A new concept that has also emerged out of the community
development field is around the idea that if we are building assets
in communities through housing and commercial development, we should
also develop ways for residents in those communities to have
ownership in those assets. There is a project in San Diego that was
actually created by the Jacobs Family Fund, a local family
foundation, in which they were the impetus for a $100 million
housing and commercial development project in a low-income racially
mixed community in San Diego. The housing is a mix of market and
affordable housing, and the commercial space includes a major
grocery store as well as a number of smaller commercial spaces for
local and chain businesses. They are now trying to develop a way to
sell shares in the development to the local residents who have been
a part of putting the project together over the seven or eight years
that they have been working on this.
These are called resident ownership strategies to development.

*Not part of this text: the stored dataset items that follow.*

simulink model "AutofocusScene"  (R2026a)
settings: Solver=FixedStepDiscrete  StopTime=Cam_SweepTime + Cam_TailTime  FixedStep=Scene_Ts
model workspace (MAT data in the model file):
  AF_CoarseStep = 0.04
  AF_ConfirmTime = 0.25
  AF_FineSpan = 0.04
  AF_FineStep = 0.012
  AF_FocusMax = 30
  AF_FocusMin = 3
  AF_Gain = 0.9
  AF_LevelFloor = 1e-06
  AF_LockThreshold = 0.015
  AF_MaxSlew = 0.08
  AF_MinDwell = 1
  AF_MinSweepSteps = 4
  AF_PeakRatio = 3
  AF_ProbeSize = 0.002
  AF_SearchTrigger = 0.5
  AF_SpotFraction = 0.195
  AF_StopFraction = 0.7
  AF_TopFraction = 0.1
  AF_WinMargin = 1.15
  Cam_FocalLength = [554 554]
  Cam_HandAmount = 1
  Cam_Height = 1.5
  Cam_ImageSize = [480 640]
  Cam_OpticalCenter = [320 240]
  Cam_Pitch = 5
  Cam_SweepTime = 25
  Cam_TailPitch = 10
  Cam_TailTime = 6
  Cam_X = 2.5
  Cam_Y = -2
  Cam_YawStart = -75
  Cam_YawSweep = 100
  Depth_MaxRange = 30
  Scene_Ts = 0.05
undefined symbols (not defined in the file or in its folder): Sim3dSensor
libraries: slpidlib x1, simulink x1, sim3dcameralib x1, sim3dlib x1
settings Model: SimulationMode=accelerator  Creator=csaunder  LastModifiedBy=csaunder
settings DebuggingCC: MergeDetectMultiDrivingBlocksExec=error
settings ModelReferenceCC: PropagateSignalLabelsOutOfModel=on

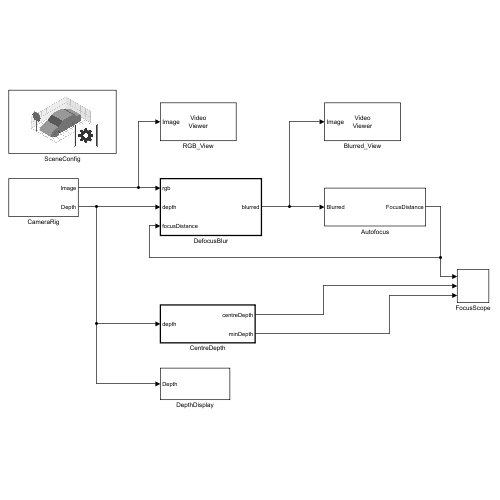
[thumbnail: Simulink's stored preview of the top-level diagram]
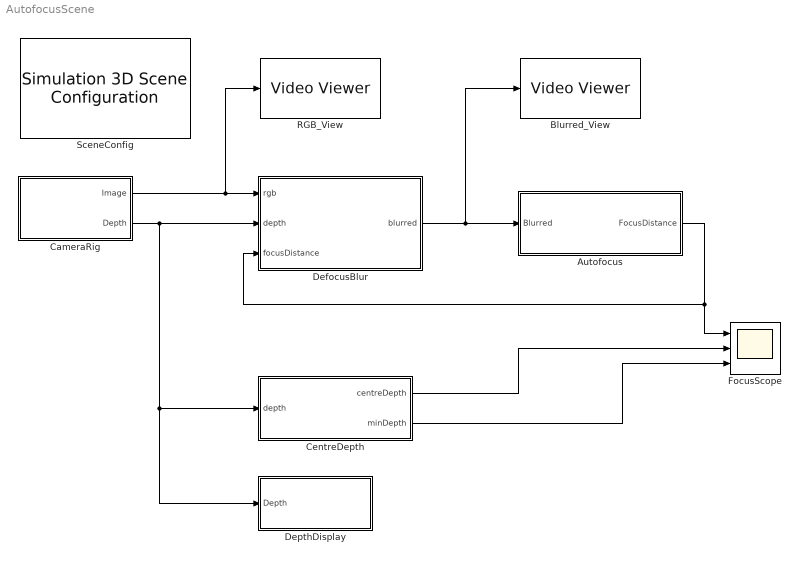
== system AutofocusScene ==
  Autofocus : Subsystem
  Blurred_View : VideoViewer  FigPos=[672 571 507 337]
  CameraRig : Subsystem
  CentreDepth : MATLAB Function  TreatAsAtomicUnit=on
  DefocusBlur : MATLAB Function  TreatAsAtomicUnit=on
  DepthDisplay : Subsystem
  FocusScope : Scope  NumInputPorts=3
  RGB_View : VideoViewer  FigPos=[99 545 418 304]
  SceneConfig : sim3dlib/Simulation 3D Scene Configuration  Priority=0  ProjectFormat=Default Scenes  SceneDesc=Large parking lot  ProjectName=C:\Program Files\MATLAB\R2026a\toolbox\shared\sim3d_projects\automotive_project_windows\UE\WindowsNoEditor\VehicleSimulation.exe  ScenePath=/Game/Maps/HwStrght  EnableOpenDRIVE=off  vehTagList={'Custom';'Scene Origin'}  vehTag=Scene Origin  AttachedCameraRelativeTranslation=[0 0 0]  FreeCameraDefaultInitialTranslation=[-6, 0, 2]  AttachedCameraRelativeRotation=[0, -15, 0]  FreeCameraDefaultInitialRotation=[0, -15, 0]  ViewpointName=Custom  FreeCameraInitialTranslation=[0, 0, 0]  FreeCameraInitialRotation=[0, 0, 0]  OpVisEn=off  Ts=Scene_Ts  EnableWindow=on  EnableRemoteAccess=off  SimulationMode=CoSimulation  SimulateUsing=Interpreted execution  EnableAnimationRecording=off  OverrideDefaultRecording=off  AnimationRecordingFileName=sim3dAnimation.mat  AnimationRecordingInterval=[0 inf]  EnableWeather=off  SunAzimuth=90  SunAltitude=40.0  EnableGeospatialSun=off  Latitude=0  Longitude=0  Date=2023-01-01  Time=10:30:00  GeoTimeZone=-5.0  SunDaylightSaving=off  wind=1  clouds=10  EnableVolumetricClouds=off  CloudCoverage=0  CloudAltitude=6  fog=0  rain=0  RaindropsEffect=off  SnowDensity=0  EnableGeospatial=off  TilesetSource=Earth terrain  UseTrueOrigin=off  OriginHeight=200  OriginLatitude=40.744652  OriginLongitude=-73.988864  MapStyle=Aerial  AdditionalAssetIDs=[]  UseAdvancedSunSky=off  SolarTime=11  TimeZone=-5  Day=21  Month=9  Year=2022  UseDaylightSavingTime=on  DSTStartDay=10  DSTStartMonth=3  DSTEndDay=3  DSTEndMonth=11  DSTSwitchHour=2  sensorTag=MainCamera1  sensorId=1  sensorName=MainCamera1  mountLoc=Origin  offsetFlag=off  tmountOffset=[0, 0, 0]  rmountOffset=[0, 0, 0]  HorizontalResolution=1280  VerticalResolution=720  HorizontalFOV=60  mountPoint=[0 0 0]  mountOrientation=[0 0 0]  aMode=5  ID=1  GeoTrigger=Inactive  ViewNameList={'Custom'}  ViewTranslationList={'[0 0 0]'}  ViewRotationList={'[0 0 0]'}
      link override Simulation 3D Engine: SceneDesc=Large parking lot
      settings: LibrarySourceBlock=sl3dlib/Simulation 3D/Environment/Simulation 3D Scene Configuration
  wires:
  CameraRig/1(Image) -> RGB_View/1, DefocusBlur/1(rgb)
  CameraRig/2(Depth) -> DepthDisplay/1(Depth), CentreDepth/1(depth), DefocusBlur/2(depth)
  DefocusBlur/1(blurred) -> Blurred_View/1, Autofocus/1(Blurred)
  Autofocus/1(FocusDistance) -> FocusScope/1, DefocusBlur/3(focusDistance)
  CentreDepth/1(centreDepth) -> FocusScope/2
  CentreDepth/2(minDepth) -> FocusScope/3

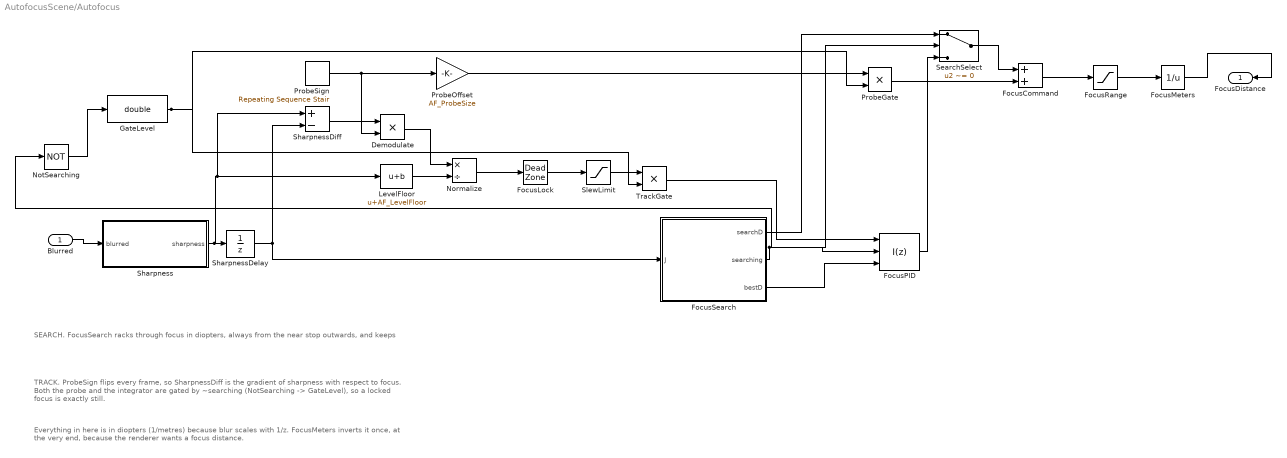
== system AutofocusScene/Autofocus ==
  note: SEARCH. FocusSearch racks through focus in diopters, always from the near stop outwards, and keeps
  note: TRACK. ProbeSign flips every frame, so SharpnessDiff is the gradient of sharpness with respect to focus.
      | Both the probe and the integrator are gated by ~searching (NotSearching -> GateLevel), so a locked focus is exactly still.
  note: Everything in here is in diopters (1/metres) because blur scales with 1/z. FocusMeters inverts it once, at the
      | very end, because the renderer wants a focus distance.
  Blurred : Inport
  Demodulate : Product
  FocusCommand : Sum
  FocusLock : DeadZone  LowerValue=-AF_LockThreshold  UpperValue=AF_LockThreshold
  FocusMeters : Math  Operator=reciprocal
  FocusPID : slpidlib/PID Controller  Controller=I  Form=Parallel  TimeDomain=Discrete-time  UseExternalTs=off  SampleTime=Scene_Ts  IntegratorMethod=Forward Euler  FilterMethod=Forward Euler  ControllerParametersSource=internal  P=1  I=AF_Gain  UseKiTs=off  D=0  UseExternalDerivativeSource=off  N=100  UseFilter=on  TunerSelectOption=Transfer Function Based (PID Tuner App)  InitialConditionSource=external  InitialConditionForIntegrator=1/10  InitialConditionForFilter=0  DifferentiatorICPrevScaledInput=0  ExternalReset=falling  TrackingMode=off  Kt=1  LimitOutput=on  SatLimitsSource=internal  UpperSaturationLimit=1/AF_FocusMin  LowerSaturationLimit=1/AF_FocusMax  LinearizeAsGain=on  AntiWindupMode=clamping  Kb=1  LimitIntegrator=off  UpperIntegratorSaturationLimit=inf  LowerIntegratorSaturationLimit=-inf  POutMin=[]  POutMax=[]  IOutMin=[]  IOutMax=[]  DOutMin=[]  DOutMax=[]  NOutMin=[]  NOutMax=[]  SumOutMin=[]  SumOutMax=[]  SaturationOutMin=[]  SaturationOutMax=[]  PParamMin=[]  PParamMax=[]  IParamMin=[]  IParamMax=[]  DParamMin=[]  DParamMax=[]  NParamMin=[]  NParamMax=[]  KbParamMin=[]  KbParamMax=[]  KtParamMin=[]  KtParamMax=[]  KbOutMin=[]  KbOutMax=[]  KtOutMin=[]  KtOutMax=[]  IntegratorOutMin=[]  IntegratorOutMax=[]  FilterOutMin=[]  FilterOutMax=[]  SumI1OutMin=[]  SumI1OutMax=[]  SumI2OutMin=[]  SumI2OutMax=[]  SumI3OutMin=[]  SumI3OutMax=[]  SumI4OutMin=[]  SumI4OutMax=[]  SumDOutMin=[]  SumDOutMax=[]  DifferentiatorOutMin=[]  DifferentiatorOutMax=[]  FilterDiffOutCoefMin=[]  FilterDiffOutCoefMax=[]  ReciprocalOutMin=[]  ReciprocalOutMax=[]  SumDenOutMin=[]  SumDenOutMax=[]  SumNumOutMin=[]  SumNumOutMax=[]  DivideOutMin=[]  DivideOutMax=[]  UdiffTsProdOutMin=[]  UdiffTsProdOutMax=[]  NTsProdOutMin=[]  NTsProdOutMax=[]  UintegralTsProdOutMin=[]  UintegralTsProdOutMax=[]  UngainTsProdOutMin=[]  UngainTsProdOutMax=[]  ClampingZeroOutDataTypeStr=Inherit: Inherit via back propagation  ClampingZeroOutMin=[]  ClampingZeroOutMax=[]  FilterDenConstantOutDataTypeStr=Inherit: Inherit via back propagation  FilterDenConstantOutMin=[]  FilterDenConstantOutMax=[]  PCopyOutDataTypeStr=Inherit: Inherit via back propagation  PCopyOutMin=[]  PCopyOutMax=[]  NCopyOutDataTypeStr=Inherit: Inherit via back propagation  NCopyOutMin=[]  NCopyOutMax=[]  IntegratorContinuousStateAttributes=''  IntegratorStateMustResolveToSignalObject=off  IntegratorRTWStateStorageClass=Auto  FilterContinuousStateAttributes=''  FilterStateMustResolveToSignalObject=off  FilterRTWStateStorageClass=Auto  ParallelPVariant=Disabled  IdealPVariant=Disabled  IVariant=InternalParameters  DVariant=Disabled  IntegratorVariant=Discrete  SatVariant=Enabled  AWVariant=DiscClampingParallel  PCopyVariant=Disabled  TRVariant=Disabled  FdbkBlocksVariant=Forward  IdealPFdbkVariant=Disabled  SatFdbkVariant=Disabled  DerivativeFilterVariant=Disabled  NVariant=Disabled  NCopyVariant=Disabled_SignalSpec  FilterICVariant=Disabled  IntegratorICVariant=ExternalICs  ExternalResetVariant=ExternalReset  TRSumVariant=Passthrough  SumFdbkVariant=Disabled  SumVariant=Passthrough_I  TsampFilterVariant=InternalTs  TsampNgainVariant=Passthrough  TsampIntegralVariant=Disabled_SignalSpec  ExternalSaturationOutDataTypeStr=Inherit: Same as second input  DerivativeSourceVariant=Disabled  PreIntVariant=InternalPreInt
  FocusRange : Saturate  UpperLimit=1/AF_FocusMin  LowerLimit=1/AF_FocusMax
  FocusSearch : Stateflow chart  TreatAsAtomicUnit=on
  GateLevel : DataTypeConversion  OutDataTypeStr=double  SaturateOnIntegerOverflow=off  RndMeth=Floor
  LevelFloor : Bias  Bias=AF_LevelFloor  SaturateOnIntegerOverflow=off
  Normalize : Product  Inputs=*/
  NotSearching : Logic  Operator=NOT  AllPortsSameDT=off  OutDataTypeStr=boolean
  ProbeGate : Product
  ProbeOffset : Gain  Gain=AF_ProbeSize
  ProbeSign : simulink/Sources/Repeating Sequence Stair  OutValues=[1 -1]  tsamp=Scene_Ts  OutMin=[]  OutMax=[]  OutDataTypeStr=double  OutputDataTypeScalingMode=double  OutDataType=fixdt(0,8)  ConRadixGroup=Best Precision: Vector-wise  OutScaling=2^-12
  SearchSelect : Switch  Criteria=u2 ~= 0  SaturateOnIntegerOverflow=off  InputSameDT=off
  Sharpness : MATLAB Function  TreatAsAtomicUnit=on
  SharpnessDelay : UnitDelay  SampleTime=Scene_Ts
  SharpnessDiff : Sum  Inputs=+-
  SlewLimit : Saturate  UpperLimit=AF_MaxSlew/AF_Gain  LowerLimit=-AF_MaxSlew/AF_Gain
  TrackGate : Product
  FocusDistance : Outport
  wires:
  Blurred/1 -> Sharpness/1(blurred)
  FocusPID/1 -> SearchSelect/3
  Sharpness/1(sharpness) -> LevelFloor/1, SharpnessDiff/1, SharpnessDelay/1
  SharpnessDelay/1 -> SharpnessDiff/2, FocusSearch/1(J)
  Demodulate/1 -> Normalize/1
  ProbeSign/1 -> ProbeOffset/1, Demodulate/2
  SharpnessDiff/1 -> Demodulate/1
  LevelFloor/1 -> Normalize/2
  ProbeOffset/1 -> ProbeGate/1
  Normalize/1 -> FocusLock/1
  FocusLock/1 -> SlewLimit/1
  SlewLimit/1 -> TrackGate/1
  TrackGate/1 -> FocusPID/1
  FocusSearch/1(searchD) -> SearchSelect/1
  FocusSearch/3(bestD) -> FocusPID/3
  ProbeGate/1 -> FocusCommand/2
  SearchSelect/1 -> FocusCommand/1
  FocusCommand/1 -> FocusRange/1
  FocusRange/1 -> FocusMeters/1
  FocusMeters/1 -> FocusDistance/1
  GateLevel/1 -> TrackGate/2, ProbeGate/2
  NotSearching/1 -> GateLevel/1
  FocusSearch/2(searching) -> NotSearching/1, FocusPID/2, SearchSelect/2

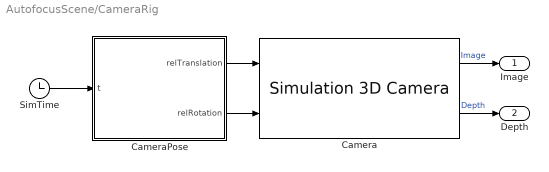
== system AutofocusScene/CameraRig ==
  Camera : sim3dcameralib/Simulation 3D Camera  Priority=1  sensorTag=Sim3dSensor�  sensorId=1  sensorName=Sim3dSensor�  vehTagList={'Scene Origin'}  vehTag=Scene Origin  CoordinateSystem=ISO8855  mountLoc=Origin  offsetFlag=on  tmountOffset=[0, 0, 0]  extTmount=on  rmountOffset=[0, 0, 0]  extRmount=on  FocalLength=Cam_FocalLength  OpticalCenter=Cam_OpticalCenter  ImageSize=Cam_ImageSize  RadialDistortion=[0, 0]  TangentialDistortion=[0, 0]  SensorSkew=0  VisualizeFieldOfView=off  FieldOfViewRange=61  DepthOutportEnabled=on  SemanticOutportEnabled=off  TransformOutportEnabled=off  SampleTime=-1  mountPoint=[0 0 0]  mountOrientation=[0 0 0]  aMode=5  ID=1
      settings: LibrarySourceBlock=sl3dlib/Simulation 3D/Sensors/Simulation 3D Camera
  CameraPose : MATLAB Function  TreatAsAtomicUnit=on
  SimTime : Clock
  Image : Outport
  Depth : Outport  Port=2
  wires:
  Camera/1 -> Image/1  "Image"
  SimTime/1 -> CameraPose/1(t)
  CameraPose/1(relTranslation) -> Camera/1
  CameraPose/2(relRotation) -> Camera/2
  Camera/2 -> Depth/1  "Depth"

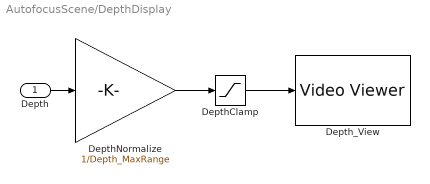
== system AutofocusScene/DepthDisplay ==
  Depth : Inport
  DepthClamp : Saturate  UpperLimit=1  LowerLimit=0
  DepthNormalize : Gain  Gain=1/Depth_MaxRange
  Depth_View : VideoViewer  FigPos=[268 537 418 304]
  wires:
  Depth/1 -> DepthNormalize/1
  DepthNormalize/1 -> DepthClamp/1
  DepthClamp/1 -> Depth_View/1

== matlab function AutofocusScene/DefocusBlur ==
  data: rgb input; blurred output; depth input; focusDistance input
function blurred = DefocusBlur(rgb, depth, focusDistance)
% Defocus the camera image using the thin-lens renderer in simulateDefocusBlur, with
% the optics set in blurSceneImage and the focus plane driven from outside.
%
% The renderer is ordinary MATLAB and is not meant for code generation, so it is
% called extrinsically. An extrinsic call tells Simulink nothing about what comes
% back, which is why blurred is pre-assigned: that fixes its size and class.
coder.extrinsic("blurSceneImage");

blurred = zeros(size(rgb, 1), size(rgb, 2), 3, "uint8");
blurred = blurSceneImage(rgb, depth, focusDistance);
end

== matlab function AutofocusScene/CameraRig/CameraPose ==
  data: t input; relTranslation output; relRotation output; Cam_X parameter; Cam_Y parameter; Cam_Height parameter; Cam_Pitch parameter; Cam_YawStart parameter; Cam_YawSweep parameter; Cam_SweepTime parameter; Cam_HandAmount parameter; Cam_TailTime parameter; Cam_TailPitch parameter
function [relTranslation, relRotation] = CameraPose(t, Cam_X, Cam_Y, Cam_Height, Cam_Pitch, Cam_YawStart, Cam_YawSweep, Cam_SweepTime, Cam_HandAmount, Cam_TailTime, Cam_TailPitch)
%#codegen
% Pan the camera past cars parked at different distances, as if it were being held.
%
% The nominal move is a steady yaw sweep from a fixed spot: the camera does not travel, so
% the distance to the subject changes only because the lens is turning, which is what gives
% the autofocus something to track with only one thing to explain.
%
% On top of that, a hand. Real handheld footage is not a constant rate plus white noise. A
% person's wrist, elbow and breathing each drift at their own slow rate, so the result is a
% few incommensurate sways. Summing sines reproduces that character and, unlike rand, is
% bitwise repeatable from run to run, which matters because every autofocus change here is
% judged by comparing one run against the last. Cam_HandAmount scales all of it, so setting
% it to 0 recovers the original perfectly steady pan.
%
% Coordinate system is ISO8855: X forward, Y left, Z up, translation in m and rotation in
% deg, with positive pitch looking down.

% Progress along the pan, wobbled so the rate is not machine-perfect. The amplitude is
% capped at 0.010 for a reason: d(progress)/dt is 1/Cam_SweepTime - 0.010*2*pi*0.21, which
% stays positive, so the pan slows and quickens between roughly 2.7 and 5.3 deg/s but never
% reverses. A camera that visibly backs up reads as broken rather than as handheld.
%
% Note that progress is NOT clamped at 1. The run is Cam_SweepTime + Cam_TailTime long, so the
% yaw keeps turning through the tail at the same nominal rate, reaching about +49 deg. Dividing
% by Cam_SweepTime rather than by the total is deliberate: it leaves the first Cam_SweepTime
% seconds bit-for-bit identical to every run recorded before the tail existed, so none of the
% earlier A/B comparisons are invalidated by adding it.
progress = t/Cam_SweepTime + Cam_HandAmount*0.010*sin(2*pi*0.21*t);
yaw = Cam_YawStart + Cam_YawSweep*progress;

% The tail ramp, 0 before Cam_SweepTime and 1 at the end of the run. Smoothstep rather than a
% straight line because a linear ramp steps the pitch *rate* discontinuously at the join, which
% reads as a jerk on a camera that is otherwise being held smoothly; 3s^2-2s^3 has zero slope at
% both ends. max() on the denominator keeps Cam_TailTime = 0 from dividing by zero when the tail
% is switched off.
tailFrac = min(max((t - Cam_SweepTime)/max(Cam_TailTime, 1e-6), 0), 1);
tailFrac = tailFrac*tailFrac*(3 - 2*tailFrac);

% Aim drift, in degrees, kept under half a degree in total. At this 60 deg field of view
% that is well under 1% of the frame width, which reads as held-by-a-person rather than
% shaky. Frequencies are deliberately not multiples of each other so the pattern never
% settles into an obvious repeat.
%
% The tail adds Cam_TailPitch of downward tilt on top. Past about +40 deg of yaw the camera is
% looking down the open lot, which is the stretch the 100 deg sweep was cut short to avoid
% because there is nothing textured out there to focus on. Tipping the camera down puts the lot
% surface and its painted markings back in the centre of frame, at roughly
% Cam_Height/tan(Cam_Pitch + Cam_TailPitch) - about 5.6 m, nearer than the cars the pan has been
% tracking, so it also exercises the sweep's preference for the nearest subject it can focus on.
yaw = yaw + Cam_HandAmount*(0.34*sin(2*pi*0.27*t + 0.7) + 0.16*sin(2*pi*0.73*t + 2.1));
pitch = Cam_Pitch + Cam_TailPitch*tailFrac + ...
    Cam_HandAmount*(0.26*sin(2*pi*0.19*t + 1.3) + 0.12*sin(2*pi*0.61*t));
roll = Cam_HandAmount*0.30*sin(2*pi*0.17*t + 2.6);

% Body sway, in metres: a couple of centimetres of shift and a slower vertical drift for
% breathing. This is small on purpose. It has to be felt, not measured - two centimetres
% against subject distances of 4 to 20 m changes the focus the lens needs by under 0.5%,
% so it adds feel without quietly handing the autofocus extra work to do.
x = Cam_X + Cam_HandAmount*0.020*sin(2*pi*0.23*t + 0.4);
y = Cam_Y + Cam_HandAmount*0.025*sin(2*pi*0.31*t + 1.9);
z = Cam_Height + Cam_HandAmount*0.015*sin(2*pi*0.13*t + 0.9);

relTranslation = [x, y, z];
relRotation = [roll, pitch, yaw];
end

== matlab function AutofocusScene/Autofocus/Sharpness ==
  data: blurred input uint8 size=[Cam_ImageSize(1) Cam_ImageSize(2) 3]; sharpness output double size=1; AF_SpotFraction parameter; AF_TopFraction parameter
function sharpness = Sharpness(blurred, AF_SpotFraction, AF_TopFraction)
%#codegen
% Contrast-detect focus metric: gradient energy in the centre spot, divided by brightness
% squared so the loop reacts to focus rather than to exposure.
%
% The energy is the mean of the sharpest AF_TopFraction of the spot's pixels, not the mean of
% all of them, and that choice matters more than it looks. The subject is a parked car, and a
% car is mostly flat paint: a handful of high-contrast features - window frames, wheel arches,
% shadow lines - surrounded by large low-gradient panels. Averaging over the whole spot buries
% those features under the subject's own flat areas, which flattens the sharpness hill the
% controller has to climb. It is worst exactly when a car is entering the spot and covers only
% part of it, because then the flat lot behind it dilutes the signal as well. Taking a high
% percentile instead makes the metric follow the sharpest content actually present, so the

And the idea here is that if you can give families and individuals
ownership in the development, and if the property actually
appreciates in value, then those families will have an asset that
they can potentially use to leverage other assets and build greater
Now there are major hurdles to doing this, some of which are very
much legal. The Jacobs Fund is a non-profit entity, and there are
limitations on the ability of members or directors of a non-profit
corporation to directly benefit financially from the activities of a
non-profit. Thus, they are looking at creating a for-profit limited
*169 liability corporation that would be able to manage this
property and would sell shares to residents through a public
offering. They are currently seeking permission from the State of
California to do this.
These are all approaches to asset development and wealth building
that we should explore. We should not explore them to the exclusion
of the efforts to ensure that the government does not abandon its
responsibility to provide a safety net for those most in need, or
assume that the private market will generate opportunities for
working and middle class citizens to participate in the asset
development and wealth building supported by our tax and other
policies. It will take the government's participation on both ends
to make comprehensive wealth building available to a broader number
In closing there are just a couple of thoughts that come to mind.
One is something that my grandfather used to tell me. He says that
he would often hear the phrase, "It maybe isn't such a great idea to
be rich, because the richer you are the more miserable you seem to
be or can tend to be." My grandfather would then say that while that
may be true, "it's a whole lot better to be rich and miserable than
it is to be poor and miserable." I think he was right about that.
We all aspire to give people an opportunity to move up the
economic ladder if they so desire. Those who feel that they cannot,
will not, or have impediments, we aspire to ensure that they have
basic safety net needs in terms of housing, food, education, and
healthcare. Economic and social thinkers and practitioners have
indicated that those who want more in terms of economic and social
benefits need to have more than employment advancement to anchor
their climb up. Asset development and wealth building strategies are
an important part and necessary to make them successful.